С этого момента наступил звездный час фельдмаршала Миниха. «Ночная революция» 9 ноября 1740 года вознесла его на вершину власти. Совершая переворот, он многим рисковал — вдруг Манштейн так и не нашел бы опочивальню регента? И теперь за все страхи и переживания он хотел получить свое. Цели Миниха были ясны. «Фельдмаршал Миних, — писал нещадно разоблачавший своего начальника Манштейн, — арестовал герцога Курляндского единственно с целью достигнуть высшей степени счастия, цель его была та же, как и в то время, когда он убеждал герцога сделаться регентом, то есть он хотел захватить всю власть, дать великой княгине звание правительницы и самому пользоваться сопряженной с этим званием властью, воображая, что никто не посмеет предпринять что-либо против него. Он ошибся».

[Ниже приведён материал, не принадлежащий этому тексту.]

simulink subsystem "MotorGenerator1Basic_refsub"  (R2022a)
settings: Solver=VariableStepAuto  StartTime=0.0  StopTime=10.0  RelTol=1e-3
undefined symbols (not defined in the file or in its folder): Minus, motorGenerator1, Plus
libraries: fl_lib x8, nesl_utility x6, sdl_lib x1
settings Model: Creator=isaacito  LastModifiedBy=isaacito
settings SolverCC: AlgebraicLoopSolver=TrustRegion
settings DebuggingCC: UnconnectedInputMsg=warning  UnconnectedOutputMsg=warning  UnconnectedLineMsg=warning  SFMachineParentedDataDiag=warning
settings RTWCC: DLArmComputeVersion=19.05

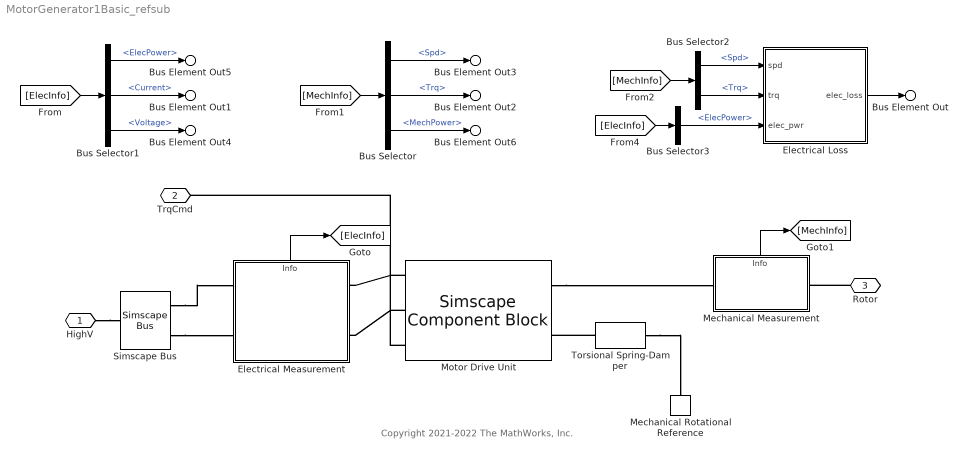
== system MotorGenerator1Basic_refsub ==
  note: Copyright 2021-2022 The MathWorks, Inc.
  Bus Selector : BusSelector  OutputSignals=Spd,Trq,MechPower
  Bus Selector1 : BusSelector  OutputSignals=ElecPower,Current,Voltage
  Bus Selector2 : BusSelector  OutputSignals=Spd,Trq
  Bus Selector3 : BusSelector  OutputSignals=ElecPower
  Electrical Loss : Subsystem
  Electrical Measurement : Subsystem
      settings: PortSchema="{\"entries\":[{\"content\":{\"sides\":[{\"content\":{\"connectorIds\":[\"LConn1\",\"LConn2\"]},\"type\":\"ConnectorPlacement.EquallySpacedRectSide\",\"uuid\":\"9ab4de96-6b59-403f-a104-f6598cec0f44\"},{\"content\":{\"connectorIds\":[\"RConn1\",\"RConn2\"],\"side\":\"RIGHT\"},\"type\":\"ConnectorPlacement.EquallySpacedRectSide\",\"uuid\":\"bacf50cc-d132-4607-ab3e-182152f38282\"},{\"content\":{\"connectorIds\":[\"Out1\"],\"side\":\"TOP\"},\"type\":\"ConnectorPlacement.EquallySpacedRectSide\",\"uuid\":\"783c446a-4d08-439b-a899-02a050ea426b\"},{\"content\":{\"connectorIds\":[],\"side\":\"HIDDEN\"},\"type\":\"ConnectorPlacement.EquallySpacedRectSide\",\"uuid\":\"5928f211-55c3-4dc9-a146-49bbdb386f2a\"}]},\"type\":\"ConnectorPlacement.EquallySpacedConnector\",\"uuid\":\"439f0c16-fbf3-46c0-98fd-18b00cf76358\"}],\"packageUris\":[\"http://schema.mathworks.com/mf0/Connector/R2020b\"],\"version\":\"1.0\"}"
  Mechanical Rotational Reference : fl_lib/Mechanical/Rotational Elements/Mechanical Rotational Reference
      settings: SourceProductBaseCode=PW,SS,VE
  Mechanical Measurement : Subsystem
      settings: PortSchema="{\"entries\":[{\"content\":{\"sides\":[{\"content\":{\"connectorIds\":[\"LConn1\"]},\"type\":\"ConnectorPlacement.EquallySpacedRectSide\",\"uuid\":\"5fa31342-f07e-4673-a9a7-985a7d429b77\"},{\"content\":{\"connectorIds\":[\"RConn1\"],\"side\":\"RIGHT\"},\"type\":\"ConnectorPlacement.EquallySpacedRectSide\",\"uuid\":\"9acd2d80-16ac-46ed-87fd-cbe927805b31\"},{\"content\":{\"connectorIds\":[\"Out1\"],\"side\":\"TOP\"},\"type\":\"ConnectorPlacement.EquallySpacedRectSide\",\"uuid\":\"4cbbe886-3c02-40e0-8c42-e8f0172dc845\"},{\"content\":{\"connectorIds\":[],\"side\":\"HIDDEN\"},\"type\":\"ConnectorPlacement.EquallySpacedRectSide\",\"uuid\":\"587bbe77-2244-497b-b5ee-9581dc02e6d6\"}]},\"type\":\"ConnectorPlacement.EquallySpacedConnector\",\"uuid\":\"7667f692-53dd-486a-a403-194e7923bdd7\"}],\"packageUris\":[\"http://schema.mathworks.com/mf0/Connector/R2020b\"],\"version\":\"1.0\"}"
  Motor Drive Unit : SimscapeComponentBlock  SourceFile=MotorDriveUnitBasic  ComponentPath=MotorDriveUnitBasic  ComponentVariants="[\"MotorDriveUnitBasic\"]"  ComponentVariantNames="[\"MotorDriveUnitBasic\"]"  ClassName=MotorDriveUnitBasic  SchemaVersion=1  trq_max=motorGenerator1.trqMax_Nm N*m  spd_max=motorGenerator1.spdMax_rpm rpm  power_max=motorGenerator1.powerMax_kW kW  response_time_const=motorGenerator1.responseTime_s s  action_spd=simscape.enum.assert.action.warn  efficiency_pct=motorGenerator1.efficiency_pct  spd_eff=motorGenerator1.spd_eff_rpm rpm  trq_eff=motorGenerator1.trq_eff_Nm N*m  iron_to_nominal_ratio=motorGenerator1.iron_loss_to_nominal_ratio  elec_loss_const=motorGenerator1.elecLossConst_W W  J_rotor=motorGenerator1.rotorInertia_kg_m2 kg*m^2  k_damp=motorGenerator1.kDamp_Nm_per_radPerS N*m/(rad/s)  initial_spd=initial.motorGenerator1_speed_rpm rpm
      settings: CopyFcn=simscape.engine.sli.internal.componentblockcallback(gcbh,'COPY')  PreCopyFcn=simscape.engine.sli.internal.componentblockcallback(gcbh,'PRECOPY')  PreDeleteFcn=simscape.engine.sli.internal.componentblockcallback(gcbh,'PREDELETE')  InternalSimscapePortConfiguration="{\"Bottom\":[],\"Left\":[{\"id\":\"Vp\",\"label\":\"Vplus\",\"type\":\"foundation.electrical.electrical\"},{\"id\":\"Vm\",\"label\":\"Vminus\",\"type\":\"foundation.electrical.electrical\"}],\"Right\":[{\"id\":\"R\",\"label\":\"R\",\"type\":\"foundation.mechanical.rotational.rotational\"},{\"id\":\"C\",\"label\":\"C\",\"type\":\"foundation.mechanical.rotational.rotational\"}],\"Top\":[{\"id\":\"trq_in\",\"label\":\"TrqCmd\",\"type\":\"input\"}]}"
      mask Type: Simple Motor Drive Unit
  Simscape Bus : SimscapeBus  HierarchyStrings=Plus;Minus
  Torsional Spring-Damper : sdl_lib/Couplings & Drives/Torsional Spring-Damper  k=motorGenerator1.dampSpringStiffness_Nm_per_rad N*m/rad  mu_visc=motorGenerator1.dampSpringFriction_Nm_per_rpm m*N/rpm  trq_coulomb=0 N*m  static_kinetic_ratio=1.1  w_tol=smoothing.mg1_dampSpringVelTol_rpm rpm  model_hardstop=0  upper_bound=10 deg  lower_bound=-10 deg  k_endstop=1e6 N*m/rad  D_endstop=10 N*m/(rad/s)  hardstop_model=1  transition=0.001 rad  x0=0 deg
      settings: SourceProductBaseCode=LD  InternalSimscapePortConfiguration="{\"Bottom\":[],\"Left\":[{\"id\":\"R\",\"label\":\"R\",\"type\":\"foundation.mechanical.rotational.rotational\"}],\"Right\":[{\"id\":\"C\",\"label\":\"C\",\"type\":\"foundation.mechanical.rotational.rotational\"}],\"Top\":[]}"
  HighV : PMIOPort  Side=Left
  TrqCmd : PMIOPort  Port=2  Side=Left
  Rotor : PMIOPort  Port=3  Side=Right
  Bus Element Out : Outport  PortName=Info  Element=ElecLoss
      settings: AttributesFormatString=%<Unit>
  Bus Element Out1 : Outport  PortName=Info  Element=Current
      settings: AttributesFormatString=%<Unit>
  Bus Element Out2 : Outport  PortName=Info  Element=Trq
      settings: AttributesFormatString=%<Unit>
  Bus Element Out3 : Outport  PortName=Info  Element=Spd
      settings: AttributesFormatString=%<Unit>
  Bus Element Out4 : Outport  PortName=Info  Element=Voltage
      settings: AttributesFormatString=%<Unit>
  Bus Element Out5 : Outport  PortName=Info  Element=ElecPower
      settings: AttributesFormatString=%<Unit>
  Bus Element Out6 : Outport  PortName=Info  Element=MechPower
      settings: AttributesFormatString=%<Unit>
  wires:
  [MechInfo] -> Bus Selector/1
  [ElecInfo] -> Bus Selector3/1
  Electrical Measurement/1(Info) -> [ElecInfo]
  Bus Selector1/1 -> Bus Element Out5/1  "<ElecPower>"
  Bus Selector/1 -> Bus Element Out3/1  "<Spd>"
  [ElecInfo] -> Bus Selector1/1
  Bus Selector3/1 -> Electrical Loss/3(elec_pwr)  "<ElecPower>"
  Bus Selector2/1 -> Electrical Loss/1(spd)  "<Spd>"
  Bus Selector/3 -> Bus Element Out6/1  "<MechPower>"
  Bus Selector2/2 -> Electrical Loss/2(trq)  "<Trq>"
  Electrical Loss/1(elec_loss) -> Bus Element Out/1
  [MechInfo] -> Bus Selector2/1
  Bus Selector/2 -> Bus Element Out2/1  "<Trq>"
  Bus Selector1/2 -> Bus Element Out1/1  "<Current>"
  Mechanical Measurement/1(Info) -> [MechInfo]
  Bus Selector1/3 -> Bus Element Out4/1  "<Voltage>"
  connections:
  Motor Drive Unit/LConn2 -- Electrical Measurement/RConn2
  Motor Drive Unit/RConn1 -- Mechanical Measurement/LConn1
  Simscape Bus/LConn1 -- Electrical Measurement/LConn1
  Rotor/RConn1 -- Mechanical Measurement/RConn1
  Motor Drive Unit/LConn1 -- Electrical Measurement/RConn1
  HighV/RConn1 -- Simscape Bus/RConn1
  Simscape Bus/LConn2 -- Electrical Measurement/LConn2
  Motor Drive Unit/LConn3 -- TrqCmd/RConn1
  Torsional Spring-Damper/LConn1 -- Motor Drive Unit/RConn2
  Torsional Spring-Damper/RConn1 -- Mechanical Rotational Reference/LConn1

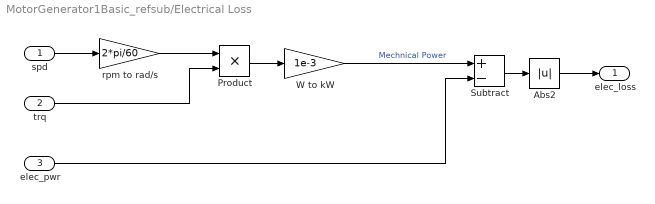
== system MotorGenerator1Basic_refsub/Electrical Loss ==
  spd : Inport  Unit=rpm
      settings: AttributesFormatString=%<Unit>
  trq : Inport  Port=2  Unit=N*m
      settings: AttributesFormatString=%<Unit>
  elec_pwr : Inport  Port=3  Unit=kW
      settings: AttributesFormatString=%<Unit>
  Abs2 : Abs  ZeroCross=off  SaturateOnIntegerOverflow=off
  Product : Product
  Subtract : Sum  Inputs=+-
  W to kW : Gain  Gain=1e-3
  rpm to rad/s : Gain  Gain=2*pi/60
  elec_loss : Outport  Unit=kW
      settings: AttributesFormatString=%<Unit>
  wires:
  trq/1 -> Product/2
  spd/1 -> rpm to rad/s/1
  rpm to rad/s/1 -> Product/1
  Product/1 -> W to kW/1
  elec_pwr/1 -> Subtract/2
  Subtract/1 -> Abs2/1
  Abs2/1 -> elec_loss/1
  W to kW/1 -> Subtract/1  "Mechnical Power"

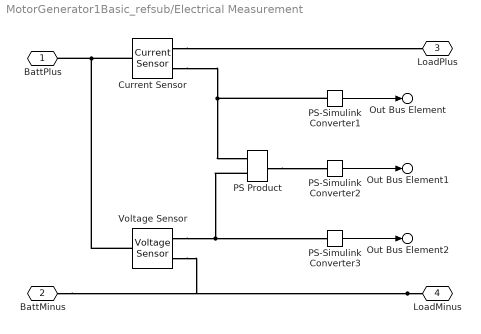
== system MotorGenerator1Basic_refsub/Electrical Measurement ==
  Current Sensor : fl_lib/Electrical/Electrical Sensors/Current Sensor
      settings: SourceProductBaseCode=PW,SS,VE
  PS Product : fl_lib/Physical Signals/Functions/PS Product
      settings: SourceProductBaseCode=PW,SS,VE
  PS-Simulink Converter1 : nesl_utility/PS-Simulink Converter  PhysicalDomain=network_engine_domain  SubClassName=ps_output  LeftPortType=input  RightPortType=output  PseudoPeriodic=off  Frequencies=[]  VectorFormat=1-D array  Unit=A  AffineConversion=off
      settings: SourceProductBaseCode=SS,PW,VE
  PS-Simulink Converter2 : nesl_utility/PS-Simulink Converter  PhysicalDomain=network_engine_domain  SubClassName=ps_output  LeftPortType=input  RightPortType=output  PseudoPeriodic=off  Frequencies=[]  VectorFormat=1-D array  Unit=kW  AffineConversion=off
      settings: SourceProductBaseCode=SS,PW,VE
  PS-Simulink Converter3 : nesl_utility/PS-Simulink Converter  PhysicalDomain=network_engine_domain  SubClassName=ps_output  LeftPortType=input  RightPortType=output  PseudoPeriodic=off  Frequencies=[]  VectorFormat=1-D array  Unit=V  AffineConversion=off
      settings: SourceProductBaseCode=SS,PW,VE
  Voltage Sensor : fl_lib/Electrical/Electrical Sensors/Voltage Sensor
      settings: SourceProductBaseCode=PW,SS,VE
  BattPlus : PMIOPort  Side=Left
  BattMinus : PMIOPort  Port=2  Side=Left
  LoadPlus : PMIOPort  Port=3  Side=Right
  LoadMinus : PMIOPort  Port=4  Side=Right
  Out Bus Element : Outport  PortName=Info  Element=Current
  Out Bus Element1 : Outport  PortName=Info  Element=ElecPower
  Out Bus Element2 : Outport  PortName=Info  Element=Voltage
  wires:
  PS-Simulink Converter3/1 -> Out Bus Element2/1
  PS-Simulink Converter2/1 -> Out Bus Element1/1
  PS-Simulink Converter1/1 -> Out Bus Element/1
  connections:
  PS Product/RConn1 -- PS-Simulink Converter2/LConn1
  PS-Simulink Converter1/LConn1 -- Current Sensor/RConn1 -- PS Product/LConn1
  Current Sensor/RConn2 -- LoadPlus/RConn1
  Voltage Sensor/LConn1 -- Current Sensor/LConn1 -- BattPlus/RConn1
  LoadMinus/RConn1 -- Voltage Sensor/RConn2 -- BattMinus/RConn1
  PS Product/LConn2 -- Voltage Sensor/RConn1 -- PS-Simulink Converter3/LConn1

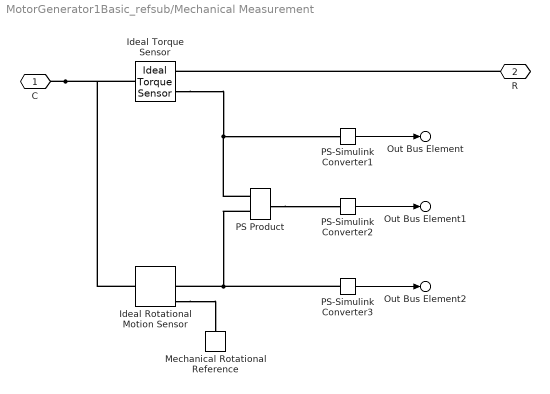
== system MotorGenerator1Basic_refsub/Mechanical Measurement ==
  Ideal Rotational Motion Sensor : fl_lib/Mechanical/Mechanical Sensors/Ideal Rotational Motion Sensor  wrap_angle=simscape.enum.onoff.off  offset=0 rad
      settings: SourceProductBaseCode=PW,SS,VE
  Ideal Torque Sensor : fl_lib/Mechanical/Mechanical Sensors/Ideal Torque Sensor
      settings: SourceProductBaseCode=PW,SS,VE
  Mechanical Rotational Reference : fl_lib/Mechanical/Rotational Elements/Mechanical Rotational Reference
      settings: SourceProductBaseCode=PW,SS,VE
  PS Product : fl_lib/Physical Signals/Functions/PS Product
      settings: SourceProductBaseCode=PW,SS,VE
  PS-Simulink Converter1 : nesl_utility/PS-Simulink Converter  PhysicalDomain=network_engine_domain  SubClassName=ps_output  LeftPortType=input  RightPortType=output  PseudoPeriodic=off  Frequencies=[]  VectorFormat=1-D array  Unit=N*m  AffineConversion=off
      settings: SourceProductBaseCode=SS,PW,VE
  PS-Simulink Converter2 : nesl_utility/PS-Simulink Converter  PhysicalDomain=network_engine_domain  SubClassName=ps_output  LeftPortType=input  RightPortType=output  PseudoPeriodic=off  Frequencies=[]  VectorFormat=1-D array  Unit=kW  AffineConversion=off
      settings: SourceProductBaseCode=SS,PW,VE
  PS-Simulink Converter3 : nesl_utility/PS-Simulink Converter  PhysicalDomain=network_engine_domain  SubClassName=ps_output  LeftPortType=input  RightPortType=output  PseudoPeriodic=off  Frequencies=[]  VectorFormat=1-D array  Unit=rpm  AffineConversion=off
      settings: SourceProductBaseCode=SS,PW,VE
  C : PMIOPort  Side=Left
  R : PMIOPort  Port=2  Side=Right
  Out Bus Element : Outport  PortName=Info  Element=Trq
  Out Bus Element1 : Outport  PortName=Info  Element=MechPower
  Out Bus Element2 : Outport  PortName=Info  Element=Spd
  wires:
  PS-Simulink Converter3/1 -> Out Bus Element2/1
  PS-Simulink Converter2/1 -> Out Bus Element1/1
  PS-Simulink Converter1/1 -> Out Bus Element/1
  connections:
  PS Product/RConn1 -- PS-Simulink Converter2/LConn1
  PS Product/LConn1 -- Ideal Torque Sensor/RConn2 -- PS-Simulink Converter1/LConn1
  R/RConn1 -- Ideal Torque Sensor/RConn1
  C/RConn1 -- Ideal Rotational Motion Sensor/LConn1 -- Ideal Torque Sensor/LConn1
  Ideal Rotational Motion Sensor/RConn1 -- Mechanical Rotational Reference/LConn1
  PS Product/LConn2 -- PS-Simulink Converter3/LConn1 -- Ideal Rotational Motion Sensor/RConn2

Да, Миних ошибся — его, российского Марса, победителя страшного Бирона, вскоре низринула с Олимпа тихая, рассеянная женщина — Анна Леопольдовна. Это событие подготавливалось постепенно. Было несколько факторов, определивших низложение Миниха. Во-первых, это — явно неудачное для Миниха распределение постов в новом правительстве. Из мемуаров Э. Миниха следует, что после победы Миних посадил сына и барона Менгдена обсудить и записать его первые распоряжения о разделе власти и о наградах. Поначалу было решено самого Миниха «за оказанную им услугу» сделать генералиссимусом. Но потом сын якобы отсоветовал батюшке так поступать: может быть, этот чин желает получить принц Антон-Ульрих, и «нужно… пристойным образом о сем у него разведать; в таком случае советовал я отцу моему испросить себе титул первого министра. На сие он согласился (без всякой «разведки».
— Е.А.) и, оставя прежде упомянутое достоинство, избрал для себя последнее. После сего спросил он меня и барона Менгдена, как же может граф Остерман над собою терпеть первого министра. Мы отвечали, что надлежало бы и ему назначить достоинство, которое с высшим чином сопряжено, нежели каковой он по сие время имел. Отец мой сказал, что вспомнил, как граф Остерман в 1723 году, работая над новым положением о флоте, намекал, что он охотно желал бы быть великим адмиралом. — Да кто же будет великим канцлером? — вопросил я» и, видя, что отец молчал, предложил сделать канцлером князя Черкасского, а вице-канцлером графа Михаила Головкина, «дабы знатнейшие достоинства оставались в руках более у природных россиян»
[229]. Если это было именно так, как описывает Эрнст Миних, то он, хотя и невольно, подложил своему отцу большую свинью: распределение постов оказалось явно неудачным и невыигрышным для фельдмаршала. Почему Миних согласился с советами ничего не смыслившего в государственных делах сына и бесцветного Менгдена? Ведь фельдмаршал всегда мечтал получить высший воинский чин генералиссимуса. Еще при Бироне, в Кабинете, во время допроса по делу Антона-Ульриха адъютанта принца, Граматина, зашла речь о том, что принц хотел стать генералиссимусом, и это возмутило присутствовавшего на допросе Миниха. Он «просил, чтоб не сделать ему обиды, понеже-де он к тому чину заслуги имеет, такожде и кроме Кабинета говорил, что должно ему быть генералиссимусом и к тому дальнее намерение имел». Так было записано в Экстракте о Минихе со слов Бирона и Бестужева
[230], и этому утверждению можно верить. Но тогда, в момент дележки мест, видно, гордыня затмила ему очи и вожделенного высшего воинского чина ему показалось мало — он видел себя правителем всех, а не только воинских, дел империи, метил на место регента. Но так как регентом уже стать было невозможно, то Миних выбрал себе известный во многих европейских странах пост главы ответственного перед монархом правительства — премьер-министра. Значение такого поста, например, в Англии, было и тогда чрезвычайно высоко. Но Россия такого института не знала в силу природы самодержавной власти, в России никогда не было ответственного правительства, наделенного определенным кругом делегируемых ему полномочий. Существовавший при Анне Иоанновне Кабинет министров был просто советом двух-трех сановников и не представлял собой правительственной корпорации, составленной из руководителей основных ведомств.